[Source records]
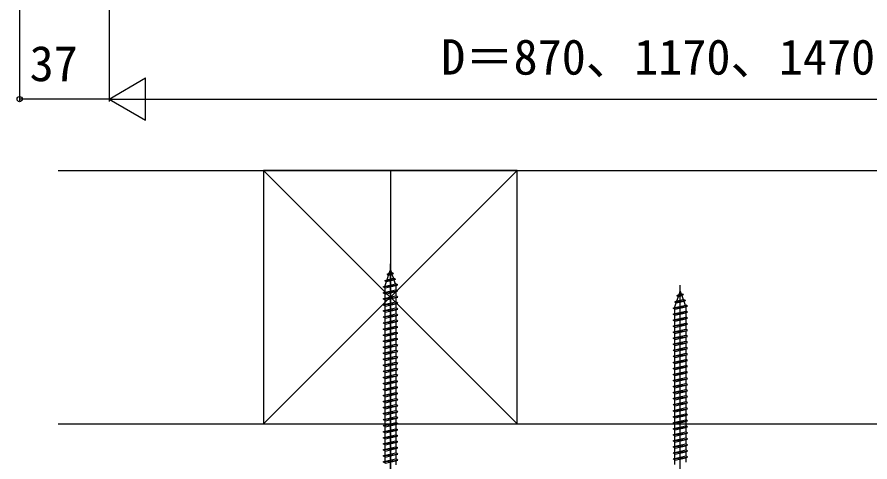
# Model space of a CAD drawing. Units: millimetres, scale not verified. Extents: x -875 to 875, y -1305 to 1297.
# Drawn here: x -655.1 to -302, y -490.9 to -306.7 of the extents above; entities that cross this region are included whole.
import ezdxf
from ezdxf.enums import TextEntityAlignment as Align

# ---------------------------------------------------------------- set-up
doc = ezdxf.new("R2010")
doc.units = ezdxf.units.MM
doc.header["$LTSCALE"] = 8
for name, color, linetype in [('0-4_YKK_12', 2, 'Continuous'), ('0-5_YKK_13', 4, 'Continuous'), ('0-6_YKK_D', 6, 'Continuous'), ('0-8_YSS_K', 3, 'Continuous')]:
    doc.layers.add(name, color=color, linetype=linetype)
doc.styles.add('ＭＳ ゴシック', font='')
doc.styles.get('ＭＳ ゴシック').set_extended_font_data('MS Gothic')

msp = doc.modelspace()

# ---------------------------------------------------------------- linework, layer by layer
at = {"layer": '0-4_YKK_12'}
msp.add_line((-500.5, -370.2), (-500.5, -1164.7), dxfattribs=at)
at = {"layer": '0-5_YKK_13'}
for p, q in [((-500.5, -527.9), (-500.5, -408.899)), ((-501.914, -413.202), (-500.966, -412.754)), ((-501.914, -413.202), (-499.203, -412.863)), ((-500.966, -412.754), (-500.5, -411.4)), ((-500.966, -412.754), (-500.1, -412.561)), ((-500.5, -411.4), (-500.1, -412.561)), ((-499.203, -412.863), (-500.1, -412.561)), ((-499.203, -412.863), (-499.86, -413.258)), ((-502.813, -415.814), (-498.378, -415.26)), ((-502.813, -415.814), (-501.898, -415.461)), ((-502.813, -415.814), (-502.178, -416.273)), ((-502.75, -417.934), (-502.178, -416.273)), ((-502.178, -416.273), (-499.061, -415.58)), ((-501.914, -413.202), (-501.246, -413.566)), ((-501.898, -415.461), (-501.246, -413.566)), ((-501.898, -415.461), (-499.301, -414.883)), ((-501.246, -413.566), (-499.86, -413.258)), ((-499.86, -413.258), (-499.301, -414.883)), ((-498.378, -415.26), (-499.301, -414.883)), ((-498.378, -415.26), (-499.061, -415.58)), ((-499.061, -415.58), (-498.501, -417.206)), ((-503.5, -418.4), (-497.5, -417.65)), ((-503.5, -420.9), (-497.5, -420.15)), ((-502.75, -418.15), (-498.25, -417.15)), ((-502.75, -418.15), (-502.75, -417.934)), ((-502.75, -420.65), (-502.75, -418.9)), ((-502.75, -420.65), (-498.25, -419.65)), ((-498.261, -417.902), (-498.25, -417.934)), ((-498.25, -417.934), (-498.25, -419.65)), ((-380.5, -516.7), (-380.5, -417.7)), ((-503.5, -423.4), (-497.5, -422.65)), ((-502.75, -423.15), (-502.75, -421.4)), ((-502.75, -423.15), (-498.25, -422.15)), ((-498.25, -420.4), (-498.25, -422.15)), ((-498.25, -422.9), (-498.25, -424.65)), ((-381.914, -422.002), (-380.966, -421.554)), ((-381.914, -422.002), (-379.203, -421.663)), ((-381.914, -422.002), (-381.246, -422.366)), ((-381.898, -424.261), (-381.246, -422.366)), ((-381.898, -424.261), (-379.301, -423.683)), ((-381.246, -422.366), (-379.86, -422.058)), ((-380.966, -421.554), (-380.5, -420.2)), ((-380.966, -421.554), (-380.1, -421.361)), ((-380.5, -420.2), (-380.1, -421.361)), ((-379.203, -421.663), (-380.1, -421.361)), ((-379.203, -421.663), (-379.86, -422.058)), ((-379.86, -422.058), (-379.301, -423.683)), ((-378.378, -424.06), (-379.301, -423.683)), ((-503.5, -425.9), (-497.5, -425.15)), ((-502.75, -425.65), (-502.75, -423.9)), ((-502.75, -425.65), (-498.25, -424.65)), ((-502.75, -428.15), (-502.75, -426.4)), ((-502.75, -428.15), (-498.25, -427.15)), ((-498.25, -425.4), (-498.25, -427.15)), ((-383.5, -427.2), (-377.5, -426.45)), ((-382.813, -424.614), (-378.378, -424.06)), ((-382.813, -424.614), (-381.898, -424.261)), ((-382.813, -424.614), (-382.178, -425.073)), ((-382.75, -426.734), (-382.178, -425.073)), ((-382.75, -426.95), (-378.25, -425.95)), ((-382.75, -426.95), (-382.75, -426.734)), ((-382.178, -425.073), (-379.061, -424.38)), ((-378.378, -424.06), (-379.061, -424.38)), ((-379.061, -424.38), (-378.501, -426.006)), ((-378.261, -426.702), (-378.25, -426.734)), ((-378.25, -426.734), (-378.25, -428.45)), ((-503.5, -428.4), (-497.5, -427.65)), ((-503.5, -430.9), (-497.5, -430.15)), ((-502.75, -430.65), (-502.75, -428.9)), ((-502.75, -430.65), (-498.25, -429.65)), ((-498.25, -427.9), (-498.25, -429.65)), ((-498.25, -430.4), (-498.25, -432.15)), ((-383.5, -429.7), (-377.5, -428.95)), ((-382.75, -429.45), (-382.75, -427.7)), ((-382.75, -429.45), (-378.25, -428.45)), ((-382.75, -431.95), (-382.75, -430.2)), ((-378.25, -429.2), (-378.25, -430.95)), ((-503.5, -433.4), (-497.5, -432.65)), ((-502.75, -433.15), (-502.75, -431.4)), ((-502.75, -433.15), (-498.25, -432.15)), ((-502.75, -435.65), (-502.75, -433.9)), ((-498.25, -432.9), (-498.25, -434.65)), ((-383.5, -432.2), (-377.5, -431.45)), ((-383.5, -434.7), (-377.5, -433.95)), ((-382.75, -431.95), (-378.25, -430.95)), ((-382.75, -434.45), (-382.75, -432.7)), ((-382.75, -434.45), (-378.25, -433.45)), ((-378.25, -431.7), (-378.25, -433.45)), ((-378.25, -434.2), (-378.25, -435.95)), ((-503.5, -435.9), (-497.5, -435.15)), ((-503.5, -438.4), (-497.5, -437.65)), ((-502.75, -435.65), (-498.25, -434.65)), ((-502.75, -438.15), (-502.75, -436.4)), ((-502.75, -438.15), (-498.25, -437.15)), ((-498.25, -435.4), (-498.25, -437.15)), ((-383.5, -437.2), (-377.5, -436.45)), ((-382.75, -436.95), (-382.75, -435.2)), ((-382.75, -436.95), (-378.25, -435.95)), ((-378.25, -436.7), (-378.25, -438.45)), ((-503.5, -440.9), (-497.5, -440.15)), ((-502.75, -440.65), (-502.75, -438.9)), ((-502.75, -440.65), (-498.25, -439.65)), ((-498.25, -437.9), (-498.25, -439.65)), ((-498.25, -440.4), (-498.25, -442.15)), ((-383.5, -439.7), (-377.5, -438.95)), ((-382.75, -439.45), (-378.25, -438.45)), ((-382.75, -441.95), (-382.75, -440.2)), ((-382.75, -441.95), (-378.25, -440.95)), ((-378.25, -439.2), (-378.25, -440.95)), ((-503.5, -443.4), (-497.5, -442.65)), ((-502.75, -443.15), (-502.75, -441.4)), ((-502.75, -443.15), (-498.25, -442.15)), ((-502.75, -445.65), (-502.75, -443.9)), ((-502.75, -445.65), (-498.25, -444.65)), ((-498.25, -442.9), (-498.25, -444.65)), ((-383.5, -442.2), (-377.5, -441.45)), ((-383.5, -444.7), (-377.5, -443.95)), ((-382.75, -444.45), (-378.25, -443.45)), ((-378.25, -441.7), (-378.25, -443.45)), ((-378.25, -444.2), (-378.25, -445.95)), ((-503.5, -445.9), (-497.5, -445.15)), ((-503.5, -448.4), (-497.5, -447.65)), ((-502.75, -448.15), (-502.75, -446.4)), ((-502.75, -448.15), (-498.25, -447.15)), ((-498.25, -445.4), (-498.25, -447.15)), ((-498.25, -447.9), (-498.25, -449.65)), ((-383.5, -447.2), (-377.5, -446.45)), ((-382.75, -446.95), (-382.75, -445.2)), ((-382.75, -446.95), (-378.25, -445.95)), ((-382.75, -449.45), (-382.75, -447.7)), ((-378.25, -446.7), (-378.25, -448.45)), ((-503.5, -450.9), (-497.5, -450.15)), ((-502.75, -450.65), (-498.25, -449.65)), ((-502.75, -453.15), (-502.75, -451.4)), ((-498.25, -450.4), (-498.25, -452.15)), ((-383.5, -449.7), (-377.5, -448.95)), ((-383.5, -452.2), (-377.5, -451.45)), ((-382.75, -449.45), (-378.25, -448.45)), ((-382.75, -451.95), (-382.75, -450.2)), ((-382.75, -451.95), (-378.25, -450.95)), ((-378.25, -449.2), (-378.25, -450.95)), ((-378.25, -451.7), (-378.25, -453.45)), ((-503.5, -453.4), (-497.5, -452.65)), ((-503.5, -455.9), (-497.5, -455.15)), ((-502.75, -453.15), (-498.25, -452.15)), ((-502.75, -455.65), (-498.25, -454.65)), ((-498.25, -452.9), (-498.25, -454.65)), ((-498.25, -455.4), (-498.25, -457.15)), ((-383.5, -454.7), (-377.5, -453.95)), ((-382.75, -454.45), (-382.75, -452.7)), ((-382.75, -454.45), (-378.25, -453.45)), ((-382.75, -456.95), (-382.75, -455.2)), ((-378.25, -454.2), (-378.25, -455.95)), ((-503.5, -458.4), (-497.5, -457.65)), ((-502.75, -458.15), (-502.75, -456.4)), ((-502.75, -458.15), (-498.25, -457.15)), ((-502.75, -460.65), (-502.75, -458.9)), ((-498.25, -457.9), (-498.25, -459.65)), ((-383.5, -457.2), (-377.5, -456.45)), ((-383.5, -459.7), (-377.5, -458.95)), ((-382.75, -456.95), (-378.25, -455.95)), ((-382.75, -459.45), (-382.75, -457.7)), ((-382.75, -459.45), (-378.25, -458.45)), ((-378.25, -456.7), (-378.25, -458.45)), ((-503.5, -460.9), (-497.5, -460.15)), ((-502.75, -460.65), (-498.25, -459.65)), ((-502.75, -463.15), (-502.75, -461.4)), ((-502.75, -463.15), (-498.25, -462.15)), ((-498.25, -460.4), (-498.25, -462.15)), ((-383.5, -462.2), (-377.5, -461.45)), ((-382.75, -461.95), (-382.75, -460.2)), ((-382.75, -461.95), (-378.25, -460.95)), ((-378.25, -459.2), (-378.25, -460.95)), ((-378.25, -461.7), (-378.25, -463.45)), ((-503.5, -463.4), (-497.5, -462.65)), ((-503.5, -465.9), (-497.5, -465.15)), ((-502.75, -465.65), (-502.75, -463.9)), ((-502.75, -465.65), (-498.25, -464.65)), ((-498.25, -462.9), (-498.25, -464.65)), ((-498.25, -465.4), (-498.25, -467.15)), ((-383.5, -464.7), (-377.5, -463.95)), ((-382.75, -464.45), (-378.25, -463.45)), ((-382.75, -466.95), (-382.75, -465.2)), ((-382.75, -466.95), (-378.25, -465.95)), ((-378.25, -464.2), (-378.25, -465.95)), ((-503.5, -468.4), (-497.5, -467.65)), ((-502.75, -468.15), (-502.75, -466.4)), ((-502.75, -468.15), (-498.25, -467.15)), ((-502.75, -470.65), (-502.75, -468.9)), ((-498.25, -467.9), (-498.25, -469.65)), ((-383.5, -467.2), (-377.5, -466.45)), ((-383.5, -469.7), (-377.5, -468.95)), ((-382.75, -469.45), (-378.25, -468.45)), ((-378.25, -466.7), (-378.25, -468.45)), ((-378.25, -469.2), (-378.25, -470.95)), ((-503.5, -470.9), (-497.5, -470.15)), ((-503.5, -473.4), (-497.5, -472.65)), ((-502.75, -470.65), (-498.25, -469.65)), ((-502.75, -473.15), (-502.75, -471.4)), ((-502.75, -473.15), (-498.25, -472.15)), ((-498.25, -470.4), (-498.25, -472.15)), ((-498.25, -472.9), (-498.25, -474.65)), ((-383.5, -472.2), (-377.5, -471.45)), ((-382.75, -471.95), (-382.75, -470.2)), ((-382.75, -471.95), (-378.25, -470.95)), ((-382.75, -474.45), (-382.75, -472.7)), ((-378.25, -471.7), (-378.25, -473.45)), ((-503.5, -475.9), (-497.5, -475.15)), ((-502.75, -475.65), (-498.25, -474.65)), ((-502.75, -478.15), (-502.75, -476.4)), ((-498.25, -475.4), (-498.25, -477.15)), ((-383.5, -474.7), (-377.5, -473.95)), ((-383.5, -477.2), (-377.5, -476.45)), ((-382.75, -474.45), (-378.25, -473.45)), ((-382.75, -476.95), (-382.75, -475.2)), ((-382.75, -476.95), (-378.25, -475.95)), ((-378.25, -474.2), (-378.25, -475.95)), ((-503.5, -478.4), (-497.5, -477.65)), ((-503.5, -480.9), (-497.5, -480.15)), ((-502.75, -478.15), (-498.25, -477.15)), ((-502.75, -480.65), (-498.25, -479.65)), ((-498.25, -477.9), (-498.25, -479.65)), ((-383.5, -479.7), (-377.5, -478.95)), ((-382.75, -479.45), (-382.75, -477.7)), ((-382.75, -479.45), (-378.25, -478.45)), ((-378.25, -476.7), (-378.25, -478.45)), ((-378.25, -479.2), (-378.25, -480.95)), ((-503.5, -483.4), (-497.5, -482.65)), ((-502.75, -483.15), (-502.75, -481.4)), ((-502.75, -483.15), (-498.25, -482.15)), ((-498.25, -480.4), (-498.25, -482.15)), ((-498.25, -482.9), (-498.25, -484.65)), ((-383.5, -482.2), (-377.5, -481.45)), ((-382.75, -481.95), (-382.75, -480.2)), ((-382.75, -481.95), (-378.25, -480.95)), ((-382.75, -484.45), (-382.75, -482.7)), ((-382.75, -484.45), (-378.25, -483.45)), ((-378.25, -481.7), (-378.25, -483.45)), ((-503.5, -485.9), (-497.5, -485.15)), ((-502.75, -485.65), (-502.75, -483.9)), ((-502.75, -485.65), (-498.25, -484.65)), ((-502.75, -488.15), (-502.75, -486.4)), ((-502.75, -488.15), (-498.25, -487.15)), ((-498.25, -485.4), (-498.25, -487.15)), ((-383.5, -484.7), (-377.5, -483.95)), ((-383.5, -487.2), (-377.5, -486.45)), ((-382.75, -486.95), (-382.75, -485.2)), ((-382.75, -486.95), (-378.25, -485.95)), ((-378.25, -484.2), (-378.25, -485.95)), ((-378.25, -486.7), (-378.25, -488.45)), ((-503.5, -488.4), (-497.5, -487.65)), ((-503.5, -490.9), (-497.5, -490.15)), ((-502.75, -490.65), (-502.75, -488.9)), ((-502.75, -490.65), (-498.25, -489.65)), ((-498.25, -487.9), (-498.25, -489.65)), ((-498.25, -490.4), (-498.25, -492.15)), ((-383.5, -489.7), (-377.5, -488.95)), ((-382.75, -489.45), (-382.75, -487.7)), ((-382.75, -489.45), (-378.25, -488.45)), ((-382.75, -491.95), (-382.75, -490.2)), ((-378.25, -489.2), (-378.25, -490.95))]:
    msp.add_line(p, q, dxfattribs=at)
for points in [[(-502.75, -418.9), (-503.5, -418.4), (-502.75, -418.15)], [(-502.75, -418.9), (-498.25, -417.9), (-497.5, -417.65), (-498.25, -417.15)], [(-502.75, -421.4), (-498.25, -420.4), (-497.5, -420.15), (-498.25, -419.65)], [(-502.75, -421.4), (-503.5, -420.9), (-502.75, -420.65)], [(-502.75, -423.9), (-503.5, -423.4), (-502.75, -423.15)], [(-502.75, -423.9), (-498.25, -422.9), (-497.5, -422.65), (-498.25, -422.15)], [(-502.75, -426.4), (-503.5, -425.9), (-502.75, -425.65)], [(-502.75, -426.4), (-498.25, -425.4), (-497.5, -425.15), (-498.25, -424.65)], [(-502.75, -428.9), (-498.25, -427.9), (-497.5, -427.65), (-498.25, -427.15)], [(-382.75, -427.7), (-383.5, -427.2), (-382.75, -426.95)], [(-382.75, -427.7), (-378.25, -426.7), (-377.5, -426.45), (-378.25, -425.95)], [(-502.75, -428.9), (-503.5, -428.4), (-502.75, -428.15)], [(-502.75, -431.4), (-503.5, -430.9), (-502.75, -430.65)], [(-502.75, -431.4), (-498.25, -430.4), (-497.5, -430.15), (-498.25, -429.65)], [(-382.75, -430.2), (-383.5, -429.7), (-382.75, -429.45)], [(-382.75, -430.2), (-378.25, -429.2), (-377.5, -428.95), (-378.25, -428.45)], [(-502.75, -433.9), (-503.5, -433.4), (-502.75, -433.15)], [(-502.75, -433.9), (-498.25, -432.9), (-497.5, -432.65), (-498.25, -432.15)], [(-382.75, -432.7), (-383.5, -432.2), (-382.75, -431.95)], [(-382.75, -432.7), (-378.25, -431.7), (-377.5, -431.45), (-378.25, -430.95)], [(-382.75, -435.2), (-378.25, -434.2), (-377.5, -433.95), (-378.25, -433.45)], [(-502.75, -436.4), (-503.5, -435.9), (-502.75, -435.65)], [(-502.75, -436.4), (-498.25, -435.4), (-497.5, -435.15), (-498.25, -434.65)], [(-502.75, -438.9), (-498.25, -437.9), (-497.5, -437.65), (-498.25, -437.15)], [(-382.75, -435.2), (-383.5, -434.7), (-382.75, -434.45)], [(-382.75, -439.45), (-382.75, -437.7), (-383.5, -437.2), (-382.75, -436.95)], [(-382.75, -437.7), (-378.25, -436.7), (-377.5, -436.45), (-378.25, -435.95)], [(-502.75, -438.9), (-503.5, -438.4), (-502.75, -438.15)], [(-502.75, -441.4), (-503.5, -440.9), (-502.75, -440.65)], [(-502.75, -441.4), (-498.25, -440.4), (-497.5, -440.15), (-498.25, -439.65)], [(-382.75, -440.2), (-383.5, -439.7), (-382.75, -439.45)], [(-382.75, -440.2), (-378.25, -439.2), (-377.5, -438.95), (-378.25, -438.45)], [(-382.75, -442.7), (-378.25, -441.7), (-377.5, -441.45), (-378.25, -440.95)], [(-502.75, -443.9), (-503.5, -443.4), (-502.75, -443.15)], [(-502.75, -443.9), (-498.25, -442.9), (-497.5, -442.65), (-498.25, -442.15)], [(-502.75, -446.4), (-498.25, -445.4), (-497.5, -445.15), (-498.25, -444.65)], [(-382.75, -444.45), (-382.75, -442.7), (-383.5, -442.2), (-382.75, -441.95)], [(-382.75, -445.2), (-383.5, -444.7), (-382.75, -444.45)], [(-382.75, -445.2), (-378.25, -444.2), (-377.5, -443.95), (-378.25, -443.45)], [(-502.75, -446.4), (-503.5, -445.9), (-502.75, -445.65)], [(-502.75, -450.65), (-502.75, -448.9), (-503.5, -448.4), (-502.75, -448.15)], [(-502.75, -448.9), (-498.25, -447.9), (-497.5, -447.65), (-498.25, -447.15)], [(-382.75, -447.7), (-383.5, -447.2), (-382.75, -446.95)], [(-382.75, -447.7), (-378.25, -446.7), (-377.5, -446.45), (-378.25, -445.95)], [(-502.75, -451.4), (-503.5, -450.9), (-502.75, -450.65)], [(-502.75, -451.4), (-498.25, -450.4), (-497.5, -450.15), (-498.25, -449.65)], [(-382.75, -450.2), (-383.5, -449.7), (-382.75, -449.45)], [(-382.75, -450.2), (-378.25, -449.2), (-377.5, -448.95), (-378.25, -448.45)], [(-382.75, -452.7), (-378.25, -451.7), (-377.5, -451.45), (-378.25, -450.95)], [(-502.75, -455.65), (-502.75, -453.9), (-503.5, -453.4), (-502.75, -453.15)], [(-502.75, -453.9), (-498.25, -452.9), (-497.5, -452.65), (-498.25, -452.15)], [(-502.75, -456.4), (-498.25, -455.4), (-497.5, -455.15), (-498.25, -454.65)], [(-382.75, -452.7), (-383.5, -452.2), (-382.75, -451.95)], [(-382.75, -455.2), (-383.5, -454.7), (-382.75, -454.45)], [(-382.75, -455.2), (-378.25, -454.2), (-377.5, -453.95), (-378.25, -453.45)], [(-502.75, -456.4), (-503.5, -455.9), (-502.75, -455.65)], [(-502.75, -458.9), (-503.5, -458.4), (-502.75, -458.15)], [(-502.75, -458.9), (-498.25, -457.9), (-497.5, -457.65), (-498.25, -457.15)], [(-382.75, -457.7), (-383.5, -457.2), (-382.75, -456.95)], [(-382.75, -457.7), (-378.25, -456.7), (-377.5, -456.45), (-378.25, -455.95)], [(-382.75, -460.2), (-378.25, -459.2), (-377.5, -458.95), (-378.25, -458.45)], [(-502.75, -461.4), (-503.5, -460.9), (-502.75, -460.65)], [(-502.75, -461.4), (-498.25, -460.4), (-497.5, -460.15), (-498.25, -459.65)], [(-502.75, -463.9), (-498.25, -462.9), (-497.5, -462.65), (-498.25, -462.15)], [(-382.75, -460.2), (-383.5, -459.7), (-382.75, -459.45)], [(-382.75, -464.45), (-382.75, -462.7), (-383.5, -462.2), (-382.75, -461.95)], [(-382.75, -462.7), (-378.25, -461.7), (-377.5, -461.45), (-378.25, -460.95)], [(-502.75, -463.9), (-503.5, -463.4), (-502.75, -463.15)], [(-502.75, -466.4), (-503.5, -465.9), (-502.75, -465.65)], [(-502.75, -466.4), (-498.25, -465.4), (-497.5, -465.15), (-498.25, -464.65)], [(-382.75, -465.2), (-383.5, -464.7), (-382.75, -464.45)], [(-382.75, -465.2), (-378.25, -464.2), (-377.5, -463.95), (-378.25, -463.45)], [(-382.75, -467.7), (-378.25, -466.7), (-377.5, -466.45), (-378.25, -465.95)], [(-502.75, -468.9), (-503.5, -468.4), (-502.75, -468.15)], [(-502.75, -468.9), (-498.25, -467.9), (-497.5, -467.65), (-498.25, -467.15)], [(-382.75, -469.45), (-382.75, -467.7), (-383.5, -467.2), (-382.75, -466.95)], [(-382.75, -470.2), (-383.5, -469.7), (-382.75, -469.45)], [(-382.75, -470.2), (-378.25, -469.2), (-377.5, -468.95), (-378.25, -468.45)], [(-502.75, -471.4), (-503.5, -470.9), (-502.75, -470.65)], [(-502.75, -471.4), (-498.25, -470.4), (-497.5, -470.15), (-498.25, -469.65)], [(-502.75, -473.9), (-498.25, -472.9), (-497.5, -472.65), (-498.25, -472.15)], [(-382.75, -472.7), (-383.5, -472.2), (-382.75, -471.95)], [(-382.75, -472.7), (-378.25, -471.7), (-377.5, -471.45), (-378.25, -470.95)], [(-502.75, -475.65), (-502.75, -473.9), (-503.5, -473.4), (-502.75, -473.15)], [(-502.75, -476.4), (-503.5, -475.9), (-502.75, -475.65)], [(-502.75, -476.4), (-498.25, -475.4), (-497.5, -475.15), (-498.25, -474.65)], [(-382.75, -475.2), (-383.5, -474.7), (-382.75, -474.45)], [(-382.75, -475.2), (-378.25, -474.2), (-377.5, -473.95), (-378.25, -473.45)], [(-382.75, -477.7), (-378.25, -476.7), (-377.5, -476.45), (-378.25, -475.95)], [(-502.75, -480.65), (-502.75, -478.9), (-503.5, -478.4), (-502.75, -478.15)], [(-502.75, -478.9), (-498.25, -477.9), (-497.5, -477.65), (-498.25, -477.15)], [(-502.75, -481.4), (-498.25, -480.4), (-497.5, -480.15), (-498.25, -479.65)], [(-382.75, -477.7), (-383.5, -477.2), (-382.75, -476.95)], [(-382.75, -480.2), (-383.5, -479.7), (-382.75, -479.45)], [(-382.75, -480.2), (-378.25, -479.2), (-377.5, -478.95), (-378.25, -478.45)], [(-502.75, -481.4), (-503.5, -480.9), (-502.75, -480.65)], [(-502.75, -483.9), (-503.5, -483.4), (-502.75, -483.15)], [(-502.75, -483.9), (-498.25, -482.9), (-497.5, -482.65), (-498.25, -482.15)], [(-382.75, -482.7), (-383.5, -482.2), (-382.75, -481.95)], [(-382.75, -482.7), (-378.25, -481.7), (-377.5, -481.45), (-378.25, -480.95)], [(-382.75, -485.2), (-378.25, -484.2), (-377.5, -483.95), (-378.25, -483.45)], [(-502.75, -486.4), (-503.5, -485.9), (-502.75, -485.65)], [(-502.75, -486.4), (-498.25, -485.4), (-497.5, -485.15), (-498.25, -484.65)], [(-502.75, -488.9), (-498.25, -487.9), (-497.5, -487.65), (-498.25, -487.15)], [(-382.75, -485.2), (-383.5, -484.7), (-382.75, -484.45)], [(-382.75, -487.7), (-383.5, -487.2), (-382.75, -486.95)], [(-382.75, -487.7), (-378.25, -486.7), (-377.5, -486.45), (-378.25, -485.95)], [(-502.75, -488.9), (-503.5, -488.4), (-502.75, -488.15)], [(-502.75, -491.4), (-503.5, -490.9), (-502.75, -490.65)], [(-502.75, -491.4), (-498.25, -490.4), (-497.5, -490.15), (-498.25, -489.65)], [(-382.75, -490.2), (-383.5, -489.7), (-382.75, -489.45)], [(-382.75, -490.2), (-378.25, -489.2), (-377.5, -488.95), (-378.25, -488.45)]]:
    msp.add_lwpolyline(points, dxfattribs=at)
at = {"layer": '0-6_YKK_D'}
for p, q in [((-654, -261.4), (-654, -341.7)), ((-617, -271.7), (-617, -341.7)), ((-617, -271.7), (-617, -341.7)), ((-617, -340.7), (-601.845, -331.95)), ((-601.845, -349.45), (-601.845, -331.95)), ((-617, -340.7), (-654, -340.7)), ((-617, -340.7), (-601.845, -349.45)), ((-617, -340.7), (-586.689, -340.7)), ((-599.5, -340.7), (-34.5, -340.7))]:
    msp.add_line(p, q, dxfattribs=at)
msp.add_circle((-654, -340.7), 1.075, dxfattribs=at)
at = {"layer": '0-8_YSS_K'}
for p, q in [((-638, -370.2), (637, -370.2)), ((-553, -370.2), (-448, -475.2)), ((-448, -370.2), (-553, -475.2)), ((-638, -475.2), (637, -475.2))]:
    msp.add_line(p, q, dxfattribs=at)
msp.add_lwpolyline([(-553, -475.2), (-448, -475.2), (-448, -370.2), (-553, -370.2)], close=True, dxfattribs=at)

# ---------------------------------------------------------------- texts
at = {"layer": '0-6_YKK_D', "style": 'ＭＳ ゴシック'}
for s, p in [('D＝870、1170、1470、1770', (-479.5, -334.973)), ('37', (-649.875, -337.7))]:
    msp.add_text(s, height=14.66, dxfattribs=at).set_placement(p, align=Align.BOTTOM_LEFT)

doc.saveas('drawing.dxf')
[/Source records]
> Exercise requirements:
Print exactly the lines from the first line of the records above through the line containing "doc.layers.add(name, color=color, linetype=linetype)", leaving out the pictures.

> Solution to this exercise:
# Model space of a CAD drawing. Units: millimetres, scale not verified. Extents: x -875 to 875, y -1305 to 1297.
# Drawn here: x -655.1 to -302, y -490.9 to -306.7 of the extents above; entities that cross this region are included whole.
import ezdxf
from ezdxf.enums import TextEntityAlignment as Align

# ---------------------------------------------------------------- set-up
doc = ezdxf.new("R2010")
doc.units = ezdxf.units.MM
doc.header["$LTSCALE"] = 8
for name, color, linetype in [('0-4_YKK_12', 2, 'Continuous'), ('0-5_YKK_13', 4, 'Continuous'), ('0-6_YKK_D', 6, 'Continuous'), ('0-8_YSS_K', 3, 'Continuous')]:
    doc.layers.add(name, color=color, linetype=linetype)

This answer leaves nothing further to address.